Todas essas coisas fizeram eu criar essa proteção dura em mim,
esse sentido de não querer, mas de ter que repelir as coisas que possam me
circundar. Eu já me machuquei muito, ao ponto de não conseguir me cicatrizar
tão rápido como antes. Eu sou muito magoável, toda e qualquer palavra que possa
ser proferida para mim pode soar de um jeito que possa me desestabilizar e
fazer eu duvidar de todas as minhas capacidades ou chances. Logo, ficando longe
das pessoas, eu me crio a certeza de que não irei mais me machucar, porque se
isso acontecer, não faço ideia de quanto tempo levarei para me recuperar. A
última vez que fiquei em cacos, levou muito tempo para que eu pudesse recolher
todos e trazer de volta o que eu me tinha de bem e de bom.

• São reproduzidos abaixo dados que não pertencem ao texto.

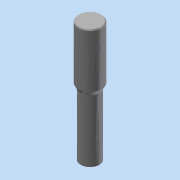
# Autodesk Inventor part: reservoir
Saved by Autodesk Inventor 2017 (Build 210142000, 142)
## iProperties
Created: 2018-04-14
Part Number: reservoir
Material: S235JR (E24-2)
Document SubType Name: Modeling
Designer: RozierB
Density: 7.85 g/cm^3
Appearance: Acier
Author: RozierB
Autodesk Inventor part; units mm, degrees
ref_plane "YZ Plane" through (0, 0, 0) normal (1, 0, 0) x (0, 1, 0)
ref_plane "XZ Plane" through (0, 0, 0) normal (0, 1, 0) x (-1, 0, 0)
ref_plane "XY Plane" through (0, 0, 0) normal (0, 0, 1) x (1, 0, 0)
sketch "Esquisse4" plane through (0, 0, 0) normal (1, 0, 0) x (0, 1, 0)
  line L0 (26, -2) -> (26, -121)
  line L1 (24, 0) -> (0, 0)
  line L2 (0, 0) -> (0, -6)
  line L3 (0, -6) -> (18, -6)
  line L4 (20, -106) -> (10, -126)
  line L5 (20, -106) -> (20, -8)
  line L6 (20, -8) -> (18, -6)
  line L7 (24, 0) -> (26, -2)
  line L8 (10, -126) -> (10, -130.5)
  line L9 (10, -130.5) -> (10.5, -131)
  line L10 (10.5, -131) -> (12.6076, -131)
  arc A0 (12.6076, -131) -> (12.8342, -130.6443) centre (12.6076, -130.75) ccw
  line L11 (12.8342, -130.6443) -> (12.1462, -129.169)
  arc A1 (12.5087, -128.6) -> (12.1462, -129.169) centre (12.5087, -129) ccw
  line L12 (12.5087, -128.6) -> (15.8913, -128.6)
  arc A2 (16.2538, -129.169) -> (15.8913, -128.6) centre (15.8913, -129) ccw
  line L13 (16.2538, -129.169) -> (15.5658, -130.6443)
  arc A3 (15.5658, -130.6443) -> (15.7924, -131) centre (15.7924, -130.75) ccw
  line L14 (15.7924, -131) -> (17.5, -131)
  line L15 (15.5658, -130.6443) -> (15.4, -131) construction
  line L16 (15.4, -131) -> (15.7924, -131) construction
  line L17 (12.8342, -130.6443) -> (13, -131) construction
  line L18 (13, -131) -> (12.6076, -131) construction
  line L19 (17.5, -131) -> (18.5, -132)
  line L20 (26, -121) -> (21, -131)
  line L21 (21, -271) -> (21, -131)
  line L22 (18, -271) -> (21, -271)
  line L23 (0, -325.2) -> (0, 54.2) projected
  line L24 (18.5, -132) -> (18.5, -138.5)
  line L25 (18.5, -138.5) -> (18, -139)
  line L26 (18, -139) -> (18, -271)
  dimension "d11" = 2
  dimension "d12" = 6
  dimension "d13" = 6
  dimension "d14" = 2
  dimension "d15" = 2
  dimension "d16" = 2
  dimension "d17" = 65
  dimension "d18" = 0.25
  dimension "d19" = 0.4
  dimension "d20" = 65
  dimension "d21" = 2.4
  dimension "d22" = 2.4
  dimension "d23" = 0.5
  dimension "d24" = 0.5
  dimension "d25" = 3
  dimension "d26" = 20
  dimension "d27" = 20
  dimension "d28" = 100
  dimension "d29" = 10
  dimension "d30" = 5
  dimension "d35" = 1
  dimension "d37" = 1
  dimension "d46" = 140
  dimension "d64" = 18
  dimension "d65" = 0.5
  dimension "d68" = 0.5
  dimension "d72" = 8
  dimension "d75" = 3
  constraints: 52 end point, 8 point on circle, 8 tangent, 5 collinear, 5 horizontal, 4 centre point, 4 vertical, 3 perpendicular, 2 equal radius, 1 coincident, 1 horizontal alignment, 1 parallel
  measures "d11" horizontal distance of L1.start L0.start
  measures "d12" distance between parallel lines of L3 L1
  measures "d13" distance between parallel lines of L0 L5
  measures "d14" horizontal distance of L1.start L0.start
  measures "d15" horizontal distance of L5.end L3.end
  measures "d16" horizontal distance of L5.end L3.end
  measures "d17" angle of L11 L10
  measures "d18" radius of A0
  measures "d19" radius of A1
  measures "d20" angle of L13 L14
  measures "d21" distance of L17.end L15.end
  measures "d22" distance from line of L12 L15.end
  measures "d23" horizontal distance of L8.end L9.end
  measures "d24" horizontal distance of L8.end L9.end
  measures "d25" distance from line of L8 L17.end
  measures "d26" distance between parallel lines of L2 L5
  measures "d27" vertical distance of L4.start L4.end
  measures "d28" distance from line of L4.start L3
  measures "d29" distance between parallel lines of L2 L8
  measures "d30" vertical distance of L9.end L4.end
  measures "d35" horizontal distance of L14.end L19.end
  measures "d37" horizontal distance of L14.end L19.end
  measures "d46" distance from line of L22.start L14
  measures "d64" distance between parallel lines of L23 L26
  measures "d65" distance between parallel lines of L24 L26
  measures "d68" horizontal distance of L24.end L25.end
  measures "d72" distance from line of L14 L25.end
  measures "d75" distance between parallel lines of L21 L26
revolve "Révolution1" add sketch "Esquisse4" angle 360 about axis through (0, 0, -10) along (0, 0, 1)
sketch "Esquisse5" plane through (0, 0, 0) normal (1, 0, 0) x (0, 1, 0)
  line L0 (-26, -2) -> (-24, 0) projected
  line L1 (-24, 0) -> (24, 0) projected
  line L2 (24, 0) -> (26, -2) projected
  line L3 (26, -2) -> (26, -121) projected
  line L4 (26, -121) -> (21, -131) projected
  line L5 (21, -131) -> (21, -271) projected
  line L6 (21, -271) -> (18, -271) projected
  line L7 (18.5, -132) -> (17.5, -131) projected
  line L8 (17.5, -131) -> (15.7924, -131) projected
  arc A0 (15.5658, -130.6443) -> (15.7924, -131) centre (15.7924, -130.75) ccw projected
  line L9 (15.5658, -130.6443) -> (16.2538, -129.169) projected
  arc A1 (16.2538, -129.169) -> (15.8913, -128.6) centre (15.8913, -129) ccw projected
  line L10 (15.8913, -128.6) -> (12.5087, -128.6) projected
  arc A2 (12.5087, -128.6) -> (12.1462, -129.169) centre (12.5087, -129) ccw projected
  line L11 (12.1462, -129.169) -> (12.8342, -130.6443) projected
  arc A3 (12.6076, -131) -> (12.8342, -130.6443) centre (12.6076, -130.75) ccw projected
  line L12 (12.6076, -131) -> (10.5, -131) projected
  line L13 (10.5, -131) -> (10, -130.5) projected
  line L14 (10, -130.5) -> (10, -126) projected
  line L15 (10, -126) -> (20, -106) projected
  line L16 (20, -106) -> (20, -8) projected
  line L17 (20, -8) -> (18, -6) projected
  line L18 (18, -6) -> (-18, -6) projected
  line L19 (-18, -6) -> (-20, -8) projected
  line L20 (-20, -8) -> (-20, -106) projected
  line L21 (-20, -106) -> (-10, -126) projected
  line L22 (-10, -126) -> (-10, -130.5) projected
  line L23 (-10, -130.5) -> (-10.5, -131) projected
  line L24 (-10.5, -131) -> (-12.6076, -131) projected
  arc A4 (-12.8342, -130.6443) -> (-12.6076, -131) centre (-12.6076, -130.75) ccw projected
  line L25 (-12.8342, -130.6443) -> (-12.1462, -129.169) projected
  arc A5 (-12.1462, -129.169) -> (-12.5087, -128.6) centre (-12.5087, -129) ccw projected
  line L26 (-12.5087, -128.6) -> (-15.8913, -128.6) projected
  arc A6 (-15.8913, -128.6) -> (-16.2538, -129.169) centre (-15.8913, -129) ccw projected
  line L27 (-16.2538, -129.169) -> (-15.5658, -130.6443) projected
  arc A7 (-15.7924, -131) -> (-15.5658, -130.6443) centre (-15.7924, -130.75) ccw projected
  line L28 (-15.7924, -131) -> (-17.5, -131) projected
  line L29 (-17.5, -131) -> (-18.5, -132) projected
  line L30 (-18, -271) -> (-21, -271) projected
  line L31 (-21, -271) -> (-21, -131) projected
  line L32 (-21, -131) -> (-26, -121) projected
  line L33 (-26, -121) -> (-26, -2) projected
  line L34 (18, -136) -> (0, -136)
  line L35 (0, -189) -> (10.75, -189)
  line L36 (10.75, -189) -> (11, -188.75)
  line L37 (11, -188.75) -> (11, -139.5)
  line L38 (11, -139.5) -> (11.5, -139)
  line L39 (11.5, -139) -> (18, -139)
  line L40 (18, -139) -> (18.5, -138.5)
  line L41 (18.5, -138.5) -> (18.5, -136.5)
  line L42 (18.5, -136.5) -> (18, -136)
  line L43 (0, -277.2) -> (0, 46.2) projected
  line L44 (-18, -136) -> (0, -136)
  line L45 (0, -189) -> (-10.75, -189)
  line L46 (-10.75, -189) -> (-11, -188.75)
  line L47 (-11, -188.75) -> (-11, -139.5)
  line L48 (-11, -139.5) -> (-11.5, -139)
  line L49 (-11.5, -139) -> (-18, -139)
  line L50 (-18, -139) -> (-18.5, -138.5)
  line L51 (-18.5, -138.5) -> (-18.5, -136.5)
  line L52 (-18.5, -136.5) -> (-18, -136)
  line L53 (18, -271) -> (18, -139) projected
  line L54 (18, -139) -> (18.5, -138.5) projected
  line L55 (18.5, -138.5) -> (18.5, -132) projected
  line L56 (-18.5, -132) -> (-18.5, -138.5) projected
  line L57 (-18.5, -138.5) -> (-18, -139) projected
  line L58 (-18, -139) -> (-18, -271) projected
  point P0 (0, 0)
  dimension "d49" = 3
  dimension "d50" = 5
  dimension "d51" = 0.5
  dimension "d52" = 0.5
  dimension "d53" = 0.5
  dimension "d54" = 0.5
  dimension "d55" = 11
  dimension "d56" = 18.5
  dimension "d57" = 0.5
  dimension "d58" = 0.5
  dimension "d59" = 0.25
  dimension "d60" = 0.25
  dimension "d61" = 50
  constraints: 36 end point, 8 symmetric about line, 2 horizontal, 2 perpendicular, 2 point on line
  measures "d49" distance between parallel lines of L39 L34
  measures "d50" distance between parallel lines of L34 L12
  measures "d51" horizontal distance of L41.end L34.start
  measures "d52" horizontal distance of L41.end L34.start
  measures "d53" horizontal distance of L39.end L40.end
  measures "d54" horizontal distance of L39.end L40.end
  measures "d55" distance between parallel lines of L37 L43
  measures "d56" distance between parallel lines of L41 L43
  measures "d57" horizontal distance of L37.end L38.end
  measures "d58" horizontal distance of L37.end L38.end
  measures "d59" horizontal distance of L35.end L36.end
  measures "d60" horizontal distance of L35.end L36.end
  measures "d61" distance between parallel lines of L39 L35
extrude "Extrusion4" cut sketch "Esquisse5" against normal up to surface contours L34 L42 L41 L40 L39 L38 L37 L36 L35 L43 | L43 L45 L46 L47 L48 L49 L50 L51 L52 L44
equation "\"d11\" = d14"
equation "\"d16\" = d15"
equation "\"d20\" = d17"
equation "\"d24\" = d23"
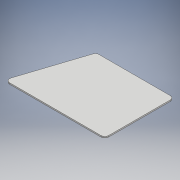
# Autodesk Inventor part: VentanaLateralDelantera
Saved by Autodesk Inventor 2017 (Build 210142000, 142)
## iProperties
Part Number: VentanaLateralDelantera
Material: Genérico
Document SubType Name: Modeling
Designer: Ghost
Density: 1 g/cm^3
Appearance: Valor por defecto
Author: Ghost
Autodesk Inventor part; units mm, degrees
ref_plane "YZ Plane" through (0, 0, 0) normal (1, 0, 0) x (0, 1, 0)
ref_plane "XZ Plane" through (0, 0, 0) normal (0, 1, 0) x (-1, 0, 0)
ref_plane "XY Plane" through (0, 0, 0) normal (0, 0, 1) x (1, 0, 0)
sketch "Boceto1" plane through (0, 0, 0) normal (0, 0, 1) x (1, 0, 0)
  line L0 (0.8523, 2.6189) -> (11.8523, 36.4189)
  line L1 (13.7541, 37.8) -> (52.7541, 37.8)
  line L2 (54.7541, 35.8) -> (54.7541, 2)
  line L3 (52.7541, 0) -> (2.7541, 0)
  arc A0 (13.7541, 37.8) -> (11.8523, 36.4189) centre (13.7541, 35.8) ccw
  arc A1 (54.7541, 35.8) -> (52.7541, 37.8) centre (52.7541, 35.8) ccw
  arc A2 (52.7541, 0) -> (54.7541, 2) centre (52.7541, 2) ccw
  arc A3 (0.8523, 2.6189) -> (2.7541, 0) centre (2.7541, 2) ccw
  point P0 (0, 0)
  point P1 (12.3018, 37.8)
  point P2 (54.7541, 37.8)
  point P3 (54.7541, 0)
  dimension "d3" = 2
  dimension "d6" = 33.8
  dimension "d7" = 39
  dimension "d8" = 50
  constraints: 8 end point, 8 point on circle, 8 point on line, 8 tangent, 4 centre point, 3 equal radius, 2 perpendicular, 1 horizontal
  measures "d3" radius of A0
  measures "d6" distance of A2.centre A1.centre
  measures "d7" distance of A1.centre A0.centre
  measures "d8" distance of A2.centre A3.centre
extrude "Extrusión1" add sketch "Boceto1" along normal blind 0.75
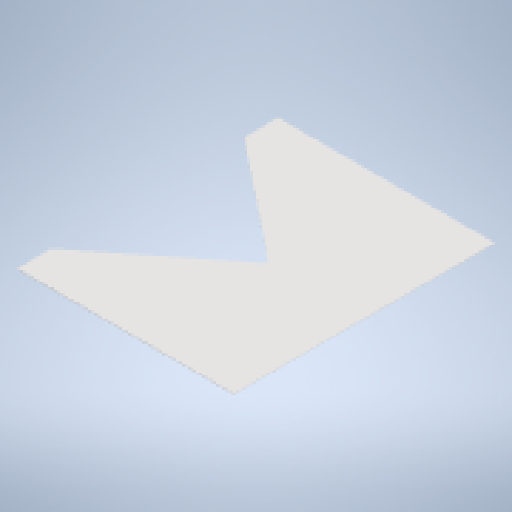
# Autodesk Inventor part: BSH 033 board cone 3
Saved by Autodesk Inventor 2025 (Build 290162010, 162A)
## iProperties
Created: 2024-07-23
Part Number: BSH 033 board cone 3
Material: 09g2s
Document SubType Name: Sheet Metal
Designer: admin
Density: 7.85 g/cm^3
Flat Pattern Width: 134.5 cm
Flat Pattern Length: 162 cm
Flat Pattern Area: 21789 cm^2
Sheet Metal Rule: AISI304 3mm Die 32
Sheet Metal Width: 1345,000 mm
Sheet Metal Length: 1620,000 mm
Sheet Metal Area: 2178900,000 mm^2
Appearance: Default
Mass: 40581.4 g
Surface Area: 34651.2 cm^2
Volume: 5169.6 cm^3
Author: admin
Autodesk Inventor part; units mm, degrees
ref_plane "YZ Plane" through (0, 0, 0) normal (1, 0, 0) x (0, 1, 0)
ref_plane "XZ Plane" through (0, 0, 0) normal (0, 1, 0) x (-1, 0, 0)
ref_plane "XY Plane" through (0, 0, 0) normal (0, 0, 1) x (1, 0, 0)
sketch "Sketch1" plane through (0, 0, 0) normal (0, 0, 1) x (1, 0, 0)
  line L0 (0, -810) -> (1345, -810)
  line L1 (1345, -810) -> (1345, 810)
  line L2 (1345, 810) -> (0, 810)
  line L3 (0, 810) -> (0, -810)
  point P0 (0, 0)
  point P1 (0, 0)
  dimension "d0" = 1345
  dimension "d1" = 1620
  measures "d0" distance of L2.end L1.end
  measures "d1" distance of L1.end L0.end
extrude "Plate1" add sketch "Sketch1" along normal blind 3
sketch "Sketch5" plane through (0, 0, 0) normal (0, 0, -1) x (-1, 0, 0)
  line L0 (0, -810) -> (-1345, -810) construction
  line L1 (0, 810) -> (0, -810) projected
  line L2 (-1345, 810) -> (0, 810) construction
  line L3 (-1345, -810) -> (-1345, 810) construction
  line L4 (0, -600) -> (-750, 0)
  line L5 (-750, 0) -> (0, 600)
  line L6 (12.3081, -1975.0573) -> (-487.6919, -1975.0573)
  line L7 (-487.6919, -1975.0573) -> (-487.6919, -2425.2593)
  line L8 (-487.6919, -2425.2593) -> (12.3081, -1975.0573)
  point P0 (0, 0)
  point P1 (0, 0)
  dimension "d26" = 500
  dimension "d27" = 48
  dimension "d28" = 672.8164
  dimension "d29" = 750
  dimension "d30" = 1200
  constraints: 10 end point, 2 point on line, 1 equal length, 1 horizontal, 1 horizontal alignment, 1 midpoint, 1 perpendicular
  measures "d26" distance of L6.start L6.end
  measures "d27" angle of L8 L7
  measures "d28" distance of L7.end L6.start
  measures "d29" distance from line of L1 L4.end
  measures "d30" distance of L5.end L4.start
extrude "Cut1" cut sketch "Sketch5" against normal blind 3 contours L1 L4 L5
equation "\"d31\" = Thickness"
equation "\"d2\" = Thickness"
equation "\"BendReliefWidth\" = Thickness"
equation "\"BendReliefDepth\" = 0.5 * Thickness"
equation "\"CornerReliefSize\" = 4 * Thickness"
equation "\"MinimumRemnant\" = 2 * Thickness"
equation "\"TransitionRadius\" = BendRadius"
equation "\"JacobiRadiusSize\" = BendRadius"
equation "\"GapSize\" = Thickness"
equation "\"Thickness\" = 3"
equation "\"BendRadius\" = 5"
body "Solid1"
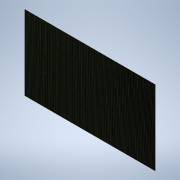
# Autodesk Inventor part: QJcell
Saved by Autodesk Inventor 2022 (Build 260153000, 153)
## iProperties
Created: 2022-02-12
Part Number: QJcell
Material: Generic
Document SubType Name: Modeling
Designer: Bowen
Density: 1 g/cm^3
Appearance: Glossy - Black
Author: Bowen
Autodesk Inventor part; units mm, degrees
ref_plane "YZ Plane" through (0, 0, 0) normal (1, 0, 0) x (0, 1, 0)
ref_plane "XZ Plane" through (0, 0, 0) normal (0, 1, 0) x (-1, 0, 0)
ref_plane "XY Plane" through (0, 0, 0) normal (0, 0, 1) x (1, 0, 0)
sketch "Sketch1" plane through (0, 0, 0) normal (0, 0, 1) x (1, 0, 0)
  line L0 (-34.55, 19.85) -> (34.55, 19.85)
  line L1 (34.55, 19.85) -> (34.55, -19.85)
  line L2 (34.55, -19.85) -> (-34.55, -19.85)
  line L3 (-34.55, -19.85) -> (-34.55, 19.85)
  point P0 (0, 0)
  point P1 (0, 0)
  point P2 (34.55, 0)
  point P3 (0, 19.85)
  dimension "d28" = 69.1
  dimension "d29" = 39.7
  constraints: 8 end point, 2 midpoint, 2 parallel, 1 coincident, 1 horizontal, 1 horizontal alignment, 1 perpendicular, 1 vertical alignment
  measures "d28" distance of L1.end L2.end
  measures "d29" distance of L0.end L1.end
extrude "Extrusion1" add sketch "Sketch1" along normal mid plane 0.11
sketch "Sketch2" plane through (0, 0, 0.055) normal (0, 0, 1) x (1, 0, 0)
  line L0 (-59.8379, 27.7762) -> (59.8379, 27.7762) construction
  line L1 (59.8379, 27.7762) -> (59.8379, -27.7762) construction
  line L2 (59.8379, -27.7762) -> (-59.8379, -27.7762) construction
  line L3 (-59.8379, -27.7762) -> (-59.8379, 27.7762) construction
  point P0 (0, 0)
  point P1 (59.8379, 0)
  point P2 (0, 27.7762)
  constraints: 2 midpoint, 1 horizontal, 1 horizontal alignment, 1 vertical alignment, 2 other
decal "Decal1"
body "Solid1"
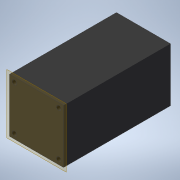
# Autodesk Inventor part: nema23
Saved by Autodesk Inventor 2020 (Build 240168000, 168)
## iProperties
Created: 2021-09-05
Part Number: nema23
Material: Generic
Document SubType Name: Modeling
Designer: super
Density: 1 g/cm^3
Appearance: Default
Author: super
Autodesk Inventor part; units mm, degrees
ref_plane "YZ Plane" through (0, 0, 0) normal (1, 0, 0) x (0, 1, 0)
ref_plane "XZ Plane" through (0, 0, 0) normal (0, 1, 0) x (-1, 0, 0)
sketch "Sketch1" plane through (0, 0, 0) normal (0, 0, 1) x (1, 0, 0)
  line L0 (0, 0) -> (57, 0)
  line L1 (57, 0) -> (57, 57)
  line L2 (57, 57) -> (0, 57)
  line L3 (0, 57) -> (0, 0)
  circle A0 centre (5, 5) radius 2.5
  circle A1 centre (52, 5) radius 2.5
  circle A2 centre (5, 52) radius 2.5
  circle A3 centre (52, 52) radius 2.5
  dimension "d0" = 57
  dimension "d1" = 57
  dimension "d2" = 5
  dimension "d3" = 5
  dimension "d4" = 5
  constraints: 8 end point, 4 centre point, 2 parallel, 1 horizontal, 1 perpendicular
  measures "d0" distance of L2.end L1.end
  measures "d1" distance of L1.end L0.end
  measures "d2" diameter of A0
  measures "d3" horizontal distance of L0.start A0.centre
  measures "d4" horizontal distance of L0.start A0.centre
extrude "Extrusion1" add sketch "Sketch1" against normal blind 113
body "Solid1"

Os poucos amigos que eu tenho me dão a certeza de amizade, o
meu namorado (agora esposo) me dá amor e carinho e tenho uma mãe que me dá colo
e amparo. São essas e por essas pessoas que eu tenho me manter em pé e ser um
pouquinho mais forte todos os dias. Infelizmente, são esses acasos na faculdade
que me atingem e atiçam tantos gatilhos diante a minha segurança sobre mim.